Babies can begin learning to use a straw around six months of age or older, once they have good head and neck control and are starting solids.

If your baby is younger than six months and struggling with bottles, please know you’re not alone, and help is available. I offer bottle refusal and bottle rejection consults and can help you find the best bottle option for your younger baby.

But if your baby is six months or older, and you don’t want to deal with:

  • Getting baby onto a bottle

  • Then having to wean off the bottle around a year

Teaching straw drinking can be a fantastic, low stress option.

What You’ll Need: The Honey Bear Straw Cup

I highly recommend starting with a honey bear style squeezy straw bottle. This type of cup lets you gently control the flow of liquid, which makes learning much easier for babies.

👉 Honey Bear Straw Cup — Amazon link here

This cup allows you to squeeze liquid up the straw to help your baby understand how straw drinking works, without overwhelming them.

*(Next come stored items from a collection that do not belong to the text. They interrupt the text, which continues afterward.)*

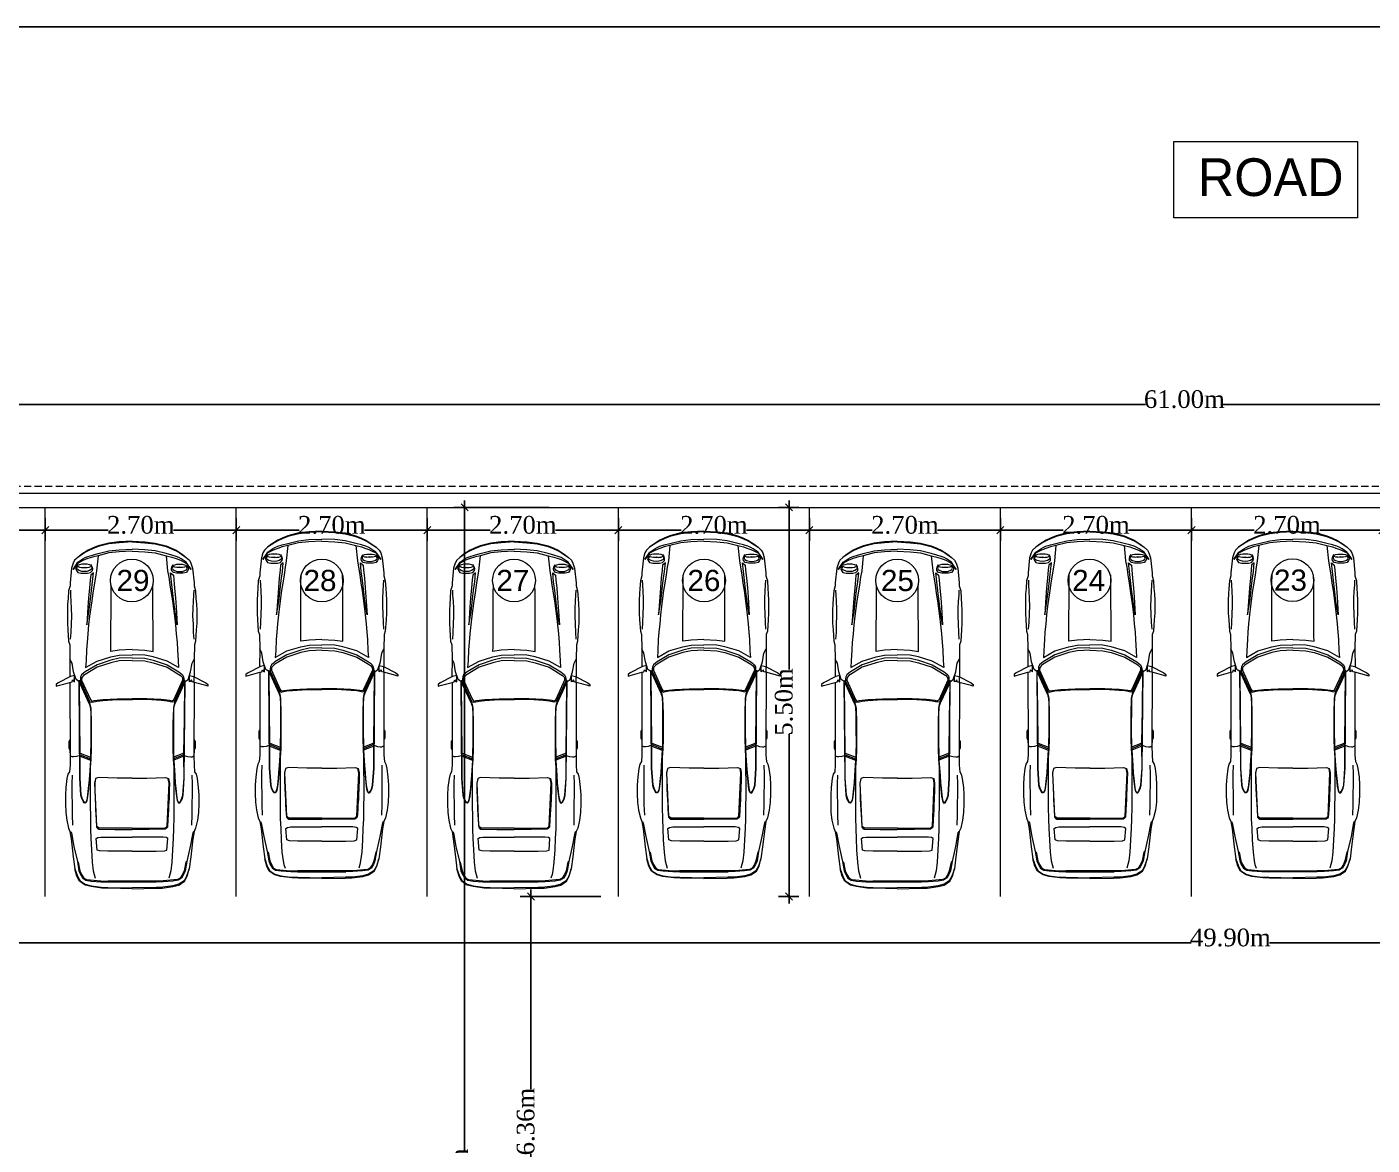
# Model space of a CAD drawing. Header units: millimetres. Extents: x -9083 to 924194, y -232449 to 321637.
# Drawn here: x 615728 to 634740, y 260947 to 276755 of the extents above; entities that cross this region are included whole.
import ezdxf

# ---------------------------------------------------------------- set-up
doc = ezdxf.new("R2010")
doc.units = ezdxf.units.MM
doc.header["$LTSCALE"] = 400
doc.header["$MEASUREMENT"] = 0
doc.header["$PDMODE"] = 3
doc.linetypes.add('( Hidden )', pattern=[0.375, 0.25, -0.125])
doc.linetypes.add('HIDDEN', pattern=[0.375, 0.25, -0.125])
doc.layers.get('0').update_dxf_attribs({"lineweight": 0, "true_color": 0xff1414})
doc.layers.get('Defpoints').update_dxf_attribs({"color": 8, "lineweight": 5})
doc.layers.add('-Wall', color=12, linetype='Continuous')
for name, color, linetype, lineweight in [('A-DOOR', 2, 'Continuous', 9), ('A-TEXT', 7, 'Continuous', 0), ('AR-Parapet', 2, 'Continuous', 18), ('AR-PlotLimit', 30, 'HIDDEN', 0), ('DIM-OUT', 3, 'Continuous', 5), ('P-Furniture', 8, 'Continuous', 5), ('P-visible0', 111, 'Continuous', 18)]:
    doc.layers.add(name, color=color, linetype=linetype, lineweight=lineweight)
doc.styles.add('FIRAS TEXT', font='arial.ttf')
doc.styles.add('ROMAN', font='times.ttf')
doc.styles.get("Standard").update_dxf_attribs({"font": 'GOTHIC.TTF', "height": 220})
doc.dimstyles.new('SITE DIM', dxfattribs={"dimscale": 0, "dimtxt": 250, "dimasz": 100, "dimexe": 150, "dimexo": 150, "dimgap": 0, "dimtad": 0, "dimlfac": 0.001, "dimzin": 0, "dimdsep": 46, "dimtxsty": 'ROMAN', "dimblk": 'OBLIQUE', "dimcen": 150, "dimdle": 100, "dimclrd": 1, "dimclre": 1, "dimclrt": 3, "dimadec": 0, "dimazin": 0, "dimtfac": 100, "dimtix": 1, "dimtofl": 0, "dimtmove": 0, "dimatfit": 0, "dimldrblk": 'OBLIQUE', "dimfxl": 150, "dimtvp": 0.285714, "dimtolj": 1, "dimtzin": 0, "dimarcsym": 0})

# ---------------------------------------------------------------- blocks, each defined once
blk = doc.blocks.new('_Oblique')
at = {"color": 0, "linetype": 'ByBlock', "lineweight": -2}
blk.add_line((-0.5, -0.5), (0.5, 0.5), dxfattribs=at)
blk = doc.blocks.new('*D208')
at = {"layer": 'Defpoints', "color": 0, "transparency": 16777216}
for p in [(662587, 271417), (601587, 270274), (662587, 270274)]:
    blk.add_point(p, dxfattribs=at)
at = {"layer": 'DIM-OUT', "color": 1, "lineweight": -2, "transparency": 16777216}
for p, q in [((601587, 270424), (601587, 271567)), ((662587, 270424), (662587, 271567)), ((601487, 271417), (631537, 271417)), ((662687, 271417), (632637, 271417))]:
    blk.add_line(p, q, dxfattribs=at)
at = {"layer": 'DIM-OUT', "color": 1, "lineweight": -2, "transparency": 16777216, "xscale": 100, "yscale": 100, "zscale": 100, "rotation": 180}
blk.add_blockref('_Oblique', (601587, 271417), dxfattribs=at)
at = {"layer": 'DIM-OUT', "color": 1, "lineweight": -2, "transparency": 16777216, "xscale": 100, "yscale": 100, "zscale": 100}
blk.add_blockref('_Oblique', (662587, 271417), dxfattribs=at)
at = {"layer": 'DIM-OUT', "color": 3, "transparency": 16777216, "insert": (632087, 271490), "char_height": 250, "attachment_point": 5, "style": 'ROMAN'}
blk.add_mtext('\\A1;61.00m', dxfattribs=at)
blk = doc.blocks.new('*D199')
at = {"layer": 'Defpoints', "color": 0, "transparency": 16777216}
for p in [(621914, 269961), (623258, 269961), (623256, 250696)]:
    blk.add_point(p, dxfattribs=at)
at = {"layer": 'DIM-OUT', "color": 1, "lineweight": -2, "transparency": 16777216}
for p, q in [((621914, 270061), (621914, 260865)), ((623108, 269961), (621764, 269961)), ((621914, 250596), (621914, 259792)), ((623106, 250696), (621764, 250696))]:
    blk.add_line(p, q, dxfattribs=at)
at = {"layer": 'DIM-OUT', "color": 1, "lineweight": -2, "transparency": 16777216, "xscale": 100, "yscale": 100, "zscale": 100}
for p, rotation in [((621914, 269961), 90), ((621914, 250696), 270)]:
    blk.add_blockref('_Oblique', p, dxfattribs=dict(at, rotation=rotation))
at = {"layer": 'DIM-OUT', "color": 3, "transparency": 16777216, "insert": (621841, 260328), "char_height": 250, "attachment_point": 5, "rotation": 90, "style": 'ROMAN'}
blk.add_mtext('\\A1;19.26m', dxfattribs=at)
blk = doc.blocks.new('CAR-10P')
at = {"layer": 'P-Furniture', "linetype": 'ByBlock'}
for p, q in [((-1.432, 1.572), (-1.363, 1.709)), ((-1.332, 1.709), (-1.367, 1.579)), ((-1.363, 1.709), (-1.344, 1.732)), ((-1.344, 1.732), (-1.324, 1.732)), ((-1.324, 1.732), (-1.332, 1.709)), ((-2.807, 1.413), (-2.753, 1.493)), ((-2.787, 1.447), (-2.753, 1.493)), ((-2.753, 1.493), (-2.721, 1.527)), ((-2.721, 1.527), (-2.69, 1.544)), ((-2.718, 1.436), (-2.687, 1.495)), ((-2.618, 1.545), (-2.699, 1.49)), ((-2.69, 1.544), (-2.635, 1.561)), ((-2.687, 1.495), (-2.618, 1.545)), ((-2.673, 1.504), (-2.65, 1.51)), ((-2.666, 1.489), (-2.658, 1.495)), ((-2.632, 1.503), (-2.658, 1.495)), ((-2.658, 1.495), (-2.652, 1.489)), ((-2.65, 1.51), (-2.627, 1.515)), ((-2.635, 1.561), (-2.47, 1.578)), ((-2.617, 1.497), (-2.632, 1.503)), ((-2.627, 1.515), (-2.608, 1.508)), ((-2.606, 1.477), (-2.617, 1.497)), ((-2.608, 1.508), (-2.585, 1.493)), ((-2.585, 1.493), (-2.579, 1.458)), ((-2.47, 1.578), (-2.436, 1.578)), ((-2.436, 1.578), (-2.382, 1.595)), ((-2.39, 1.574), (-2.333, 1.572)), ((-2.382, 1.595), (-2.296, 1.6)), ((-2.333, 1.572), (-2.268, 1.568)), ((-2.296, 1.6), (-2.236, 1.605)), ((-2.268, 1.568), (-2.185, 1.564)), ((-2.236, 1.605), (-2.168, 1.607)), ((-2.185, 1.564), (-2.102, 1.563)), ((-2.168, 1.607), (-2.102, 1.607)), ((-2.102, 1.607), (-2.022, 1.607)), ((-2.102, 1.563), (-2.015, 1.567)), ((-2.022, 1.607), (-1.948, 1.603)), ((-2.015, 1.567), (-1.92, 1.57)), ((-1.948, 1.603), (-1.823, 1.595)), ((-1.92, 1.57), (-1.845, 1.575)), ((-1.823, 1.595), (-1.785, 1.582)), ((-1.785, 1.582), (-1.626, 1.579)), ((-1.626, 1.579), (-1.428, 1.58)), ((-1.58, 1.555), (-1.626, 1.579)), ((-1.483, 1.54), (-1.58, 1.555)), ((-1.398, 1.511), (-1.483, 1.54)), ((-1.443, 1.527), (-1.432, 1.572)), ((-1.372, 1.527), (-1.443, 1.527)), ((-1.375, 1.48), (-1.398, 1.511)), ((-1.373, 1.555), (-1.395, 1.549)), ((-1.395, 1.549), (-1.378, 1.536)), ((-1.378, 1.536), (-1.372, 1.527)), ((-1.367, 1.579), (-1.373, 1.555)), ((-1.367, 1.579), (-0.551, 1.578)), ((-0.733, 1.579), (-0.728, 1.579)), ((-0.728, 1.579), (-0.713, 1.59)), ((-0.713, 1.59), (-0.639, 1.59)), ((-0.639, 1.59), (-0.616, 1.579)), ((-0.616, 1.579), (-0.585, 1.579)), ((-0.554, 1.478), (-0.545, 1.507)), ((-0.551, 1.578), (-0.45, 1.578)), ((-0.542, 1.556), (-0.551, 1.578)), ((-0.545, 1.507), (-0.542, 1.539)), ((-0.542, 1.539), (-0.542, 1.556)), ((-0.45, 1.578), (-0.377, 1.584)), ((-0.377, 1.584), (-0.348, 1.601)), ((-0.348, 1.601), (-0.302, 1.612)), ((-0.338, 1.555), (-0.243, 1.558)), ((-0.302, 1.612), (-0.203, 1.624)), ((-0.243, 1.558), (-0.127, 1.558)), ((-0.203, 1.624), (-0.12, 1.629)), ((-0.127, 1.558), (-0.015, 1.555)), ((-0.12, 1.629), (-0.02, 1.629)), ((-0.02, 1.629), (0.074, 1.626)), ((-0.015, 1.555), (0.1, 1.555)), ((0.074, 1.626), (0.16, 1.615)), ((0.1, 1.555), (0.216, 1.551)), ((0.16, 1.615), (0.248, 1.595)), ((0.248, 1.595), (0.288, 1.579)), ((0.288, 1.579), (0.368, 1.565)), ((0.288, 1.571), (0.302, 1.563)), ((0.302, 1.563), (0.452, 1.535)), ((0.368, 1.565), (0.567, 1.542)), ((0.452, 1.535), (0.619, 1.497)), ((0.567, 1.542), (0.701, 1.524)), ((0.619, 1.497), (0.722, 1.48)), ((0.619, 1.497), (0.627, 1.487)), ((0.701, 1.524), (0.781, 1.496)), ((0.783, 1.501), (0.701, 1.524)), ((0.781, 1.496), (0.835, 1.467)), ((0.838, 1.473), (0.783, 1.501)), ((-2.855, 1.33), (-2.834, 1.378)), ((-2.847, 1.33), (-2.825, 1.378)), ((-2.834, 1.378), (-2.787, 1.447)), ((-2.825, 1.378), (-2.807, 1.413)), ((-2.764, 1.379), (-2.779, 1.33)), ((-2.75, 1.41), (-2.764, 1.379)), ((-2.757, 1.33), (-2.741, 1.379)), ((-2.736, 1.436), (-2.75, 1.41)), ((-2.741, 1.379), (-2.73, 1.41)), ((-2.699, 1.49), (-2.736, 1.436)), ((-2.73, 1.41), (-2.718, 1.436)), ((-2.677, 1.418), (-2.676, 1.448)), ((-2.676, 1.389), (-2.677, 1.418)), ((-2.676, 1.448), (-2.672, 1.473)), ((-2.672, 1.364), (-2.676, 1.389)), ((-2.65, 1.333), (-2.673, 1.347)), ((-2.672, 1.473), (-2.666, 1.489)), ((-2.666, 1.348), (-2.672, 1.364)), ((-2.658, 1.343), (-2.666, 1.348)), ((-2.651, 1.349), (-2.658, 1.343)), ((-2.658, 1.343), (-2.64, 1.338)), ((-2.652, 1.489), (-2.646, 1.473)), ((-2.645, 1.366), (-2.651, 1.349)), ((-2.646, 1.473), (-2.642, 1.45)), ((-2.642, 1.448), (-2.646, 1.418)), ((-2.646, 1.418), (-2.641, 1.389)), ((-2.642, 1.389), (-2.645, 1.366)), ((-2.642, 1.45), (-2.64, 1.418)), ((-2.64, 1.418), (-2.642, 1.389)), ((-2.632, 1.337), (-2.617, 1.344)), ((-2.617, 1.344), (-2.606, 1.363)), ((-2.585, 1.35), (-2.608, 1.329)), ((-2.598, 1.448), (-2.606, 1.477)), ((-2.606, 1.363), (-2.598, 1.391)), ((-2.595, 1.42), (-2.598, 1.448)), ((-2.598, 1.391), (-2.595, 1.42)), ((-2.579, 1.384), (-2.585, 1.35)), ((-2.58, 1.318), (-2.555, 1.349)), ((-2.579, 1.458), (-2.578, 1.43)), ((-2.578, 1.413), (-2.579, 1.384)), ((-2.578, 1.43), (-2.578, 1.413)), ((-2.555, 1.349), (-2.504, 1.354)), ((-2.504, 1.354), (-2.411, 1.363)), ((-2.411, 1.363), (-2.305, 1.373)), ((-2.29, 1.352), (-2.385, 1.341)), ((-2.305, 1.373), (-2.2, 1.38)), ((-2.151, 1.368), (-2.29, 1.352)), ((-2.273, 1.338), (-2.102, 1.361)), ((-2.2, 1.38), (-2.005, 1.393)), ((-2.005, 1.393), (-2.151, 1.368)), ((-2.102, 1.361), (-2.005, 1.372)), ((-2.005, 1.372), (-1.905, 1.381)), ((-1.905, 1.381), (-1.811, 1.39)), ((-1.811, 1.39), (-1.729, 1.396)), ((-1.729, 1.396), (-1.605, 1.401)), ((-1.605, 1.401), (-1.533, 1.407)), ((-1.533, 1.407), (-1.604, 1.279)), ((-1.562, 1.279), (-1.483, 1.41)), ((-1.534, 1.279), (-1.456, 1.41)), ((-1.483, 1.41), (-1.47, 1.428)), ((-1.47, 1.428), (-1.449, 1.45)), ((-1.456, 1.41), (-1.443, 1.428)), ((-1.449, 1.45), (-1.428, 1.461)), ((-1.443, 1.428), (-1.42, 1.448)), ((-1.428, 1.461), (-1.405, 1.463)), ((-1.42, 1.448), (-1.391, 1.45)), ((-1.405, 1.463), (-1.381, 1.463)), ((-1.375, 1.478), (-1.391, 1.472)), ((-1.391, 1.472), (-1.369, 1.465)), ((-1.391, 1.45), (-1.177, 1.353)), ((-1.381, 1.463), (-1.166, 1.365)), ((-0.305, 1.47), (-1.375, 1.478)), ((-1.362, 1.475), (-1.371, 1.472)), ((-1.371, 1.472), (-1.348, 1.465)), ((-1.369, 1.465), (-1.156, 1.368)), ((-0.958, 1.471), (-1.362, 1.475)), ((-1.348, 1.465), (-1.136, 1.368)), ((-1.177, 1.353), (-1.165, 1.345)), ((-1.166, 1.365), (-1.153, 1.358)), ((-1.165, 1.345), (-1.16, 1.335)), ((-1.156, 1.368), (-1.142, 1.363)), ((-1.153, 1.358), (-1.147, 1.342)), ((-1.142, 1.363), (-1.126, 1.357)), ((-1.136, 1.368), (-1.121, 1.363)), ((-1.126, 1.357), (-1.077, 1.348)), ((-1.121, 1.363), (-1.106, 1.357)), ((-1.106, 1.357), (-1.085, 1.352)), ((-1.085, 1.352), (-1.011, 1.349)), ((-1.077, 1.348), (-0.913, 1.344)), ((-1.011, 1.349), (-0.913, 1.349)), ((-0.582, 1.467), (-0.958, 1.471)), ((-0.913, 1.349), (-0.809, 1.349)), ((-0.913, 1.344), (-0.733, 1.344)), ((-0.809, 1.349), (-0.733, 1.348)), ((-0.733, 1.348), (-0.536, 1.351)), ((-0.733, 1.344), (-0.626, 1.344)), ((-0.626, 1.344), (-0.517, 1.347)), ((-0.554, 1.467), (-0.582, 1.467)), ((-0.582, 1.467), (-0.536, 1.351)), ((-0.565, 1.467), (-0.519, 1.352)), ((-0.554, 1.467), (-0.554, 1.478)), ((-0.305, 1.467), (-0.554, 1.467)), ((-0.548, 1.467), (-0.503, 1.353)), ((-0.536, 1.351), (-0.502, 1.353)), ((-0.517, 1.347), (-0.422, 1.354)), ((-0.502, 1.353), (-0.334, 1.364)), ((-0.422, 1.354), (-0.334, 1.359)), ((-0.422, 1.354), (-0.014, 1.354)), ((-0.334, 1.364), (-0.251, 1.37)), ((-0.334, 1.359), (-0.252, 1.368)), ((-0.117, 1.457), (-0.305, 1.47)), ((-0.117, 1.454), (-0.305, 1.467)), ((-0.252, 1.368), (-0.188, 1.373)), ((-0.251, 1.37), (-0.195, 1.376)), ((-0.195, 1.376), (-0.116, 1.384)), ((-0.188, 1.373), (-0.106, 1.383)), ((-0.081, 1.449), (-0.117, 1.457)), ((-0.082, 1.444), (-0.117, 1.454)), ((-0.116, 1.384), (-0.065, 1.392)), ((-0.106, 1.383), (-0.057, 1.391)), ((-0.046, 1.426), (-0.082, 1.444)), ((-0.042, 1.429), (-0.081, 1.449)), ((-0.065, 1.392), (-0.041, 1.401)), ((-0.057, 1.391), (-0.037, 1.401)), ((-0.035, 1.418), (-0.046, 1.426)), ((-0.03, 1.421), (-0.042, 1.429)), ((-0.041, 1.401), (-0.035, 1.408)), ((-0.037, 1.401), (-0.029, 1.409)), ((-0.035, 1.408), (-0.035, 1.418)), ((-0.029, 1.409), (-0.03, 1.421)), ((-0.014, 1.354), (0.131, 1.353)), ((0.131, 1.353), (0.256, 1.351)), ((0.256, 1.351), (0.363, 1.347)), ((0.363, 1.347), (0.491, 1.341)), ((0.627, 1.487), (0.722, 1.468)), ((0.722, 1.48), (0.764, 1.462)), ((0.722, 1.468), (0.764, 1.45)), ((0.764, 1.462), (0.804, 1.438)), ((0.764, 1.45), (0.804, 1.425)), ((0.804, 1.438), (0.825, 1.403)), ((0.804, 1.425), (0.818, 1.396)), ((0.818, 1.396), (0.835, 1.237)), ((0.825, 1.403), (0.836, 1.342)), ((0.835, 1.467), (0.871, 1.41)), ((0.836, 1.342), (0.843, 1.236)), ((0.88, 1.41), (0.838, 1.473)), ((0.871, 1.41), (0.889, 1.345)), ((0.898, 1.345), (0.88, 1.41)), ((0.889, 1.345), (0.903, 1.233)), ((0.913, 1.224), (0.898, 1.345)), ((-2.912, 1.147), (-2.882, 1.267)), ((-2.904, 1.147), (-2.874, 1.267)), ((-2.882, 1.267), (-2.855, 1.33)), ((-2.874, 1.267), (-2.847, 1.33)), ((-2.795, 1.268), (-2.825, 1.148)), ((-2.802, 1.148), (-2.772, 1.268)), ((-2.779, 1.33), (-2.795, 1.268)), ((-2.772, 1.268), (-2.757, 1.33)), ((-2.772, 1.268), (-2.602, 1.285)), ((-2.627, 1.327), (-2.65, 1.333)), ((-2.64, 1.338), (-2.632, 1.337)), ((-2.608, 1.329), (-2.627, 1.327)), ((-2.602, 1.285), (-2.532, 1.297)), ((-2.483, 1.328), (-2.58, 1.318)), ((-2.532, 1.297), (-2.447, 1.31)), ((-2.385, 1.341), (-2.483, 1.328)), ((-2.447, 1.31), (-2.355, 1.324)), ((-2.355, 1.324), (-2.273, 1.338)), ((-1.604, 1.279), (-1.65, 1.125)), ((-1.614, 1.125), (-1.562, 1.279)), ((-1.585, 1.125), (-1.534, 1.279)), ((-1.176, 1.214), (-1.183, 1.056)), ((-1.166, 1.312), (-1.176, 1.214)), ((-1.167, 1.216), (-1.176, 1.056)), ((-1.16, 1.279), (-1.167, 1.216)), ((-1.16, 1.335), (-1.166, 1.312)), ((-1.153, 1.315), (-1.16, 1.279)), ((-1.147, 1.342), (-1.153, 1.315)), ((-0.311, 1.262), (-0.302, 1.294)), ((-0.306, 1.056), (-0.311, 1.262)), ((-0.302, 1.294), (-0.251, 1.305)), ((-0.248, 1.302), (-0.299, 1.291)), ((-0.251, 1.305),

What You’ll Need: The Honey Bear Straw Cup

You can totally start with just breastmilk or formula if you haven’t started solids yet or baby is struggling. But you can also lean into it if baby is really into foods.

You can use:

  • Water (cleanest for first learning)

  • Milk / Formula (Good to encourage at the sucking up the straw phase)

  • Smoothies

  • Watered down purees

    The key is choosing something motivating enough for them to want to keep tasting/trying.

Step By Step: How I Taught My Baby How To Use A Straw

Step 1: Introduce The Straw At The Lips
Bring the straw up to your baby’s lips and squeeze a tiny amount of liquid up the straw so it touches their lips and goes into their mouth a little.

This isn’t about sucking just yet. It’s just about making them realize, “Oh, something homes out of this.”

Let them taste it. let them explore. No pressure.

Step Two: Wait For Mouth Closure

After a few rounds of step one, baby should start closing their lips around the straw. This will be inconsistent and may take a while, but baby will get there.

Once baby closes their lips around the straw THEN squeeze the liquid into their mouth.

Biggest thing here is reinforcing that closing their lips is the correct next step.

Practice squeezing the honey bear or whatever you’re using so you know how much pressure to use so make sure you are only offering little amounts with little pressure.

Step 3: Create Positive Feedback with Tiny Sucks

Once baby is getting better at closing their lips and drinking what you press in, pause when their lips close and just squeeze the liquid 3/4 of the way up the straw.

This keeps the liquid close and gives positive feed back from even the smallest amount of suction. It is the stepping stone to teach baby that sucking is what gets them more from the straw, without expecting them to be able to pull it up from the bottom.

That comes next.

Step 4: Support The Process

You may find that you may get stuck at one phase for longer than you’d hope. Or baby starts to suck during one practice, but the next time they’re just chewing on the straw.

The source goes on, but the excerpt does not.